QEMU v4.0.0 released - ingve
https://www.qemu.org/2019/04/24/qemu-4-0-0/
======
idoubtit
Last week, I intended to replace VirtualBox with QEMU for my personal use. The
spartiate documentation made it really hard. I lack the competence to
seriously contribute.

The official documentation just explains the numerous parameters. It also
points to tutorials (wikibook, etc), which unfortunately are very basic and
out of sync. Even Arch Linux does not provide a good documentation (lack of
clarity, some obsolete syntax, "Networking" section is a mess...). Like often,
Debian's wiki is obsolete, and even their QEMU images are 5 years old.
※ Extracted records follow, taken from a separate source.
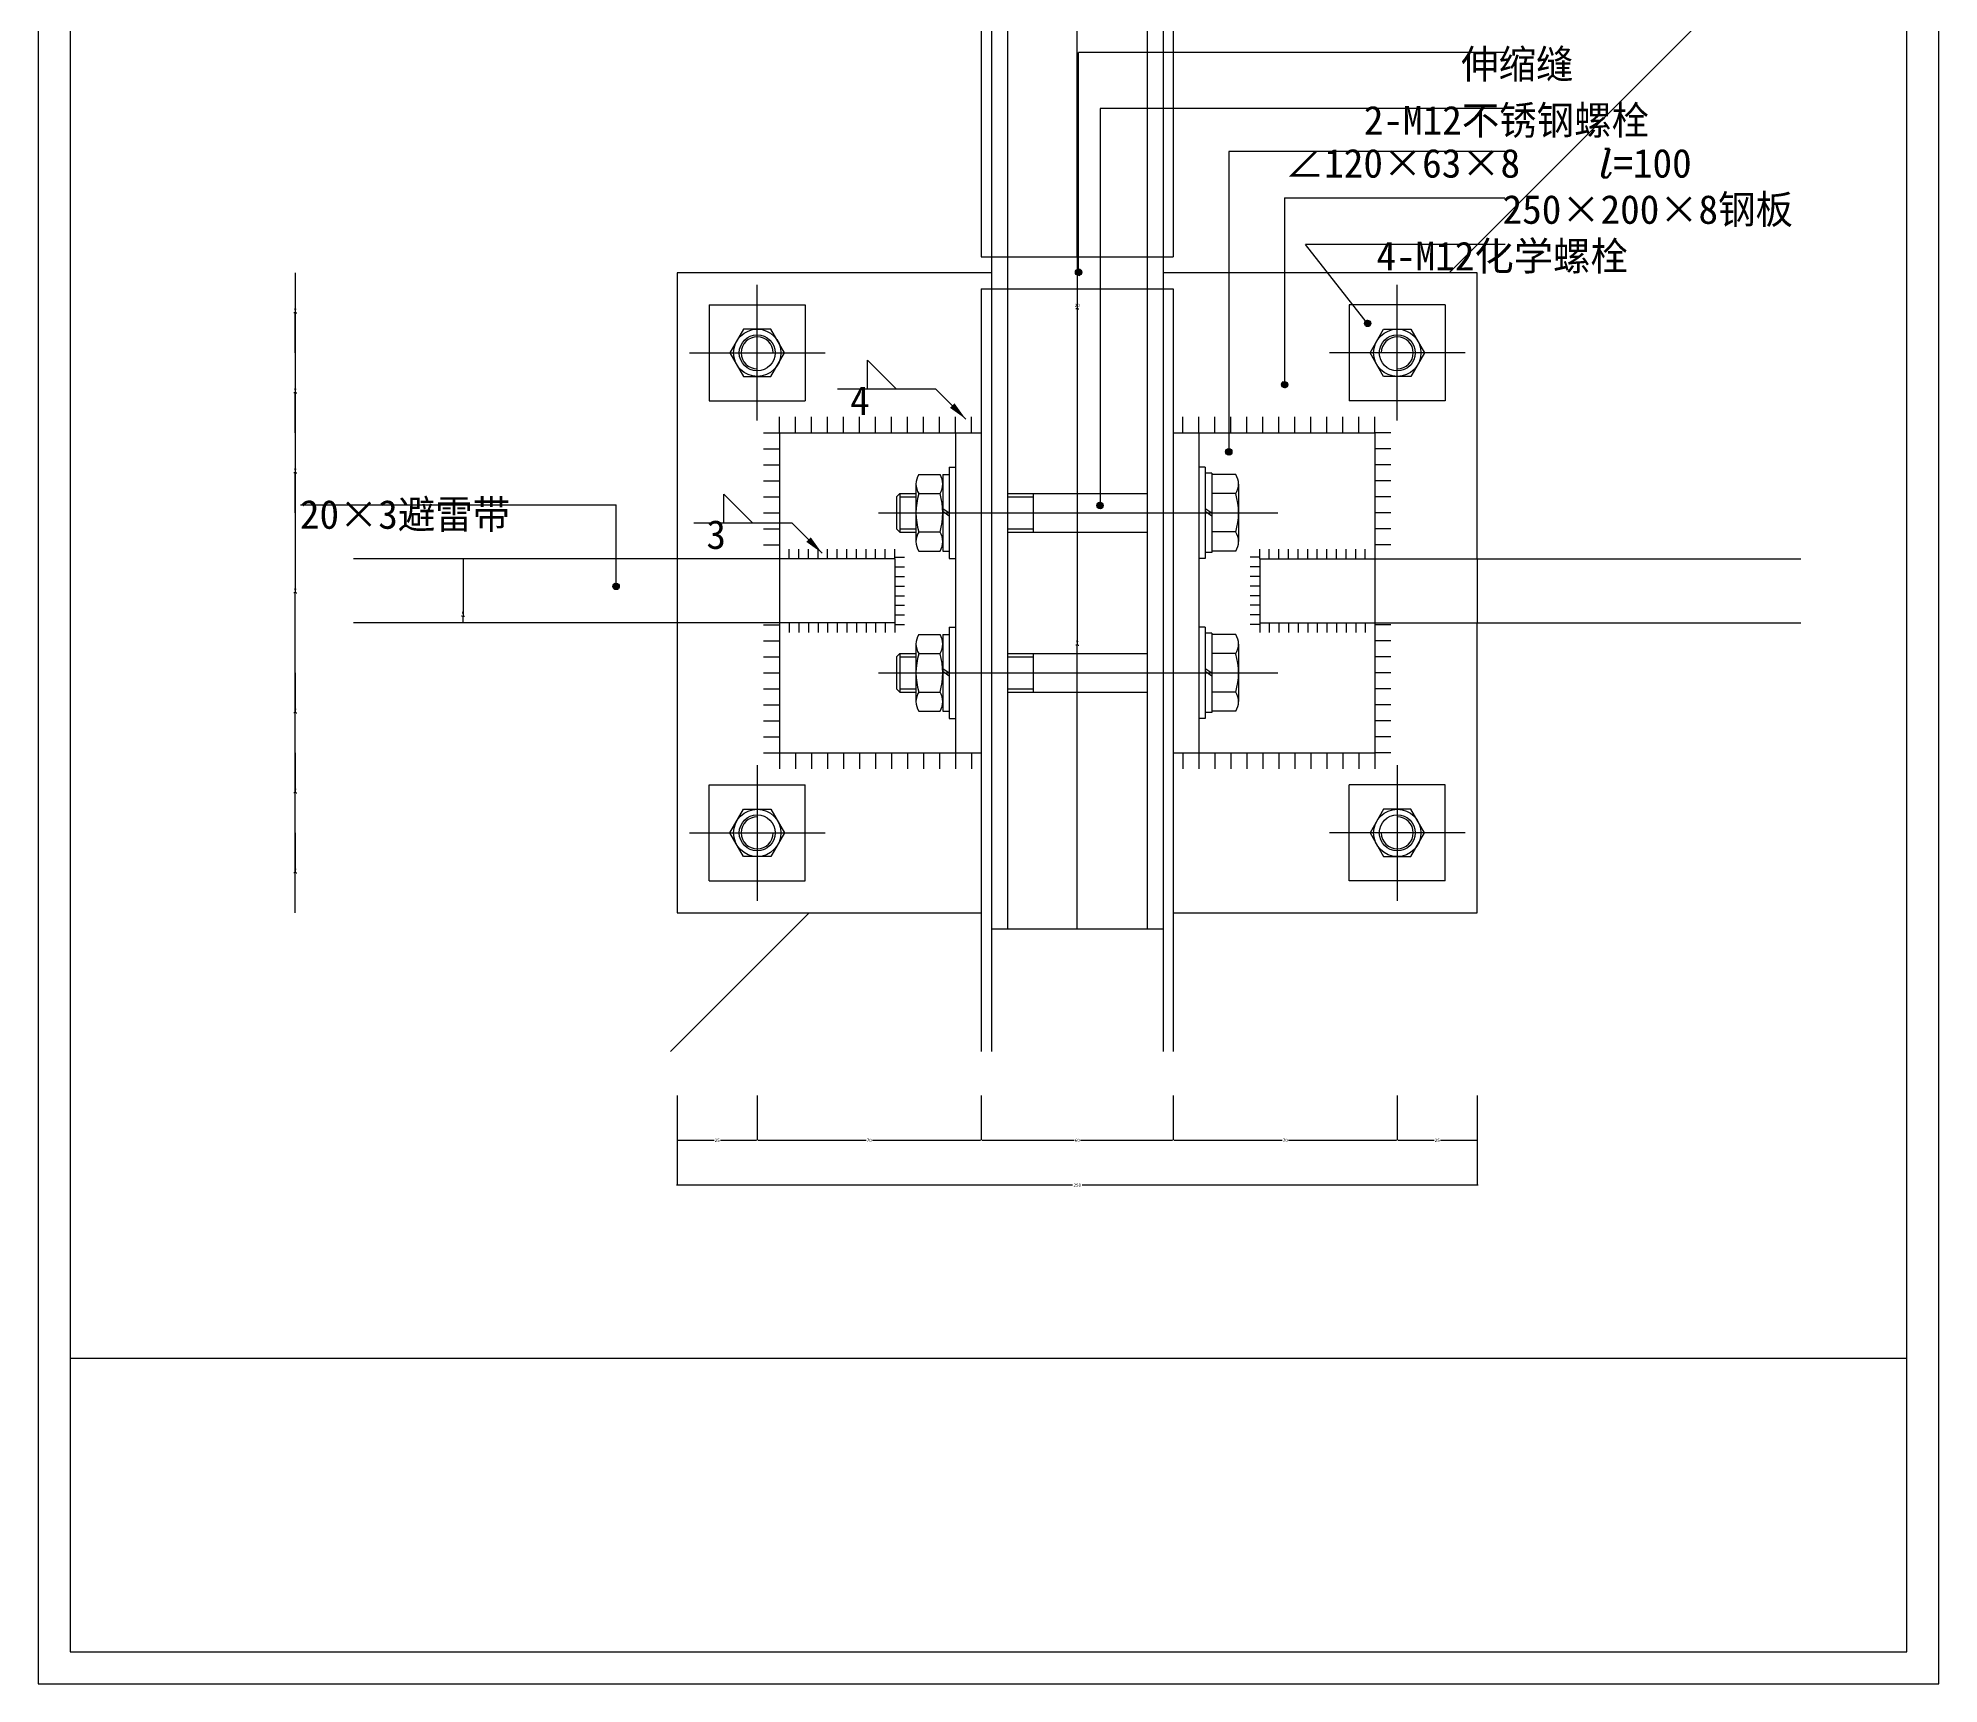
# Model space of a CAD drawing. Header units: metres. Extents: x 0 to 594, y 0 to 840.
# Drawn here: x 0 to 594, y 0 to 514 of the extents above; entities that cross this region are included whole.
import ezdxf

# ---------------------------------------------------------------- set-up
doc = ezdxf.new("R2010")
doc.units = ezdxf.units.M
for name, color, linetype in [('ASHADE', 1, 'Continuous'), ('图层1', 8, 'Continuous'), ('图框', 5, 'Continuous'), ('外形', 3, 'Continuous'), ('文字标注1', 4, 'Continuous'), ('轴线', 6, 'Continuous')]:
    doc.layers.add(name, color=color, linetype=linetype)
doc.dimstyles.get("Standard").update_dxf_attribs({"dimtxt": 2.5, "dimasz": 2.5, "dimexe": 1.25, "dimexo": 0.625, "dimtad": 1, "dimcen": 2.5, "dimazin": 3, "dimtfac": 1, "dimtmove": 0, "dimatfit": 3})

# ---------------------------------------------------------------- blocks, each defined once
blk = doc.blocks.new('_CLOSEDFILLED')
at = {"color": 0, "linetype": 'BYBLOCK'}
blk.add_solid([(-1, 0.2), (0, 0), (-1, -0.2)], dxfattribs=at)
blk = doc.blocks.new('*D6')
for p, q in [((80.39, 440.92), (80.39, 428.42)), ((80.14, 428.42), (79.89, 428.42)), ((80.39, 415.92), (80.39, 428.42)), ((80.39, 428.42), (80.39, 428.42)), ((80.64, 428.42), (80.89, 428.42))]:
    blk.add_line(p, q)
at = {"layer": 'Defpoints'}
for p in [(80.39, 440.92), (80.39, 428.42), (80.39, 415.92)]:
    blk.add_point(p, dxfattribs=at)
at = {"xscale": 0.25, "yscale": 0.25}
blk.add_blockref('_CLOSEDFILLED', (80.39, 428.42), dxfattribs=at)
at = {"xscale": 0.25, "yscale": 0.25, "rotation": 180}
blk.add_blockref('_CLOSEDFILLED', (80.39, 428.42), dxfattribs=at)
at = {"insert": (80.39, 429.545), "char_height": 1, "attachment_point": 5}
blk.add_mtext('0', dxfattribs=at)
blk = doc.blocks.new('*D7')
for p, q in [((80.39, 415.92), (80.39, 403.42)), ((80.14, 403.42), (79.89, 403.42)), ((80.39, 390.92), (80.39, 403.42)), ((80.39, 403.42), (80.39, 403.42)), ((80.64, 403.42), (80.89, 403.42))]:
    blk.add_line(p, q)
at = {"layer": 'Defpoints'}
for p in [(80.39, 415.92), (80.39, 403.42), (80.39, 390.92)]:
    blk.add_point(p, dxfattribs=at)
at = {"xscale": 0.25, "yscale": 0.25}
blk.add_blockref('_CLOSEDFILLED', (80.39, 403.42), dxfattribs=at)
at = {"xscale": 0.25, "yscale": 0.25, "rotation": 180}
blk.add_blockref('_CLOSEDFILLED', (80.39, 403.42), dxfattribs=at)
at = {"insert": (80.39, 404.545), "char_height": 1, "attachment_point": 5}
blk.add_mtext('0', dxfattribs=at)
blk = doc.blocks.new('*D8')
for p, q in [((80.39, 390.92), (80.39, 378.42)), ((80.14, 378.42), (79.89, 378.42)), ((80.39, 365.92), (80.39, 378.42)), ((80.39, 378.42), (80.39, 378.42)), ((80.64, 378.42), (80.89, 378.42))]:
    blk.add_line(p, q)
at = {"layer": 'Defpoints'}
for p in [(80.39, 390.92), (80.39, 378.42), (80.39, 365.92)]:
    blk.add_point(p, dxfattribs=at)
at = {"xscale": 0.25, "yscale": 0.25}
blk.add_blockref('_CLOSEDFILLED', (80.39, 378.42), dxfattribs=at)
at = {"xscale": 0.25, "yscale": 0.25, "rotation": 180}
blk.add_blockref('_CLOSEDFILLED', (80.39, 378.42), dxfattribs=at)
at = {"insert": (80.39, 379.545), "char_height": 1, "attachment_point": 5}
blk.add_mtext('0', dxfattribs=at)
blk = doc.blocks.new('*D9')
for p, q in [((80.39, 365.92), (80.39, 340.92)), ((80.14, 340.92), (79.89, 340.92)), ((80.39, 315.92), (80.39, 340.92)), ((80.39, 340.92), (80.39, 340.92)), ((80.64, 340.92), (80.89, 340.92))]:
    blk.add_line(p, q)
at = {"layer": 'Defpoints'}
for p in [(80.39, 365.92), (80.39, 340.92), (80.39, 315.92)]:
    blk.add_point(p, dxfattribs=at)
at = {"xscale": 0.25, "yscale": 0.25}
blk.add_blockref('_CLOSEDFILLED', (80.39, 340.92), dxfattribs=at)
at = {"xscale": 0.25, "yscale": 0.25, "rotation": 180}
blk.add_blockref('_CLOSEDFILLED', (80.39, 340.92), dxfattribs=at)
at = {"insert": (80.39, 342.045), "char_height": 1, "attachment_point": 5}
blk.add_mtext('0', dxfattribs=at)
blk = doc.blocks.new('*D10')
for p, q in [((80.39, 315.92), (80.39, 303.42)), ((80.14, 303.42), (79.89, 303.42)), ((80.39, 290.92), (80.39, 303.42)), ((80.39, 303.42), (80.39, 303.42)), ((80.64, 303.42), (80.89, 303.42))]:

I had
to combine the following 3 sources and a lot of try and guesses to build my
VMs.

QEMU Gentoo :
[https://wiki.gentoo.org/wiki/QEMU/Options](https://wiki.gentoo.org/wiki/QEMU/Options)

QEMU official : [https://qemu.weilnetz.de/doc/qemu-
doc.html](https://qemu.weilnetz.de/doc/qemu-doc.html)

KVM Performance : [http://www.linux-kvm.org/page/Tuning_KVM](http://www.linux-
kvm.org/page/Tuning_KVM)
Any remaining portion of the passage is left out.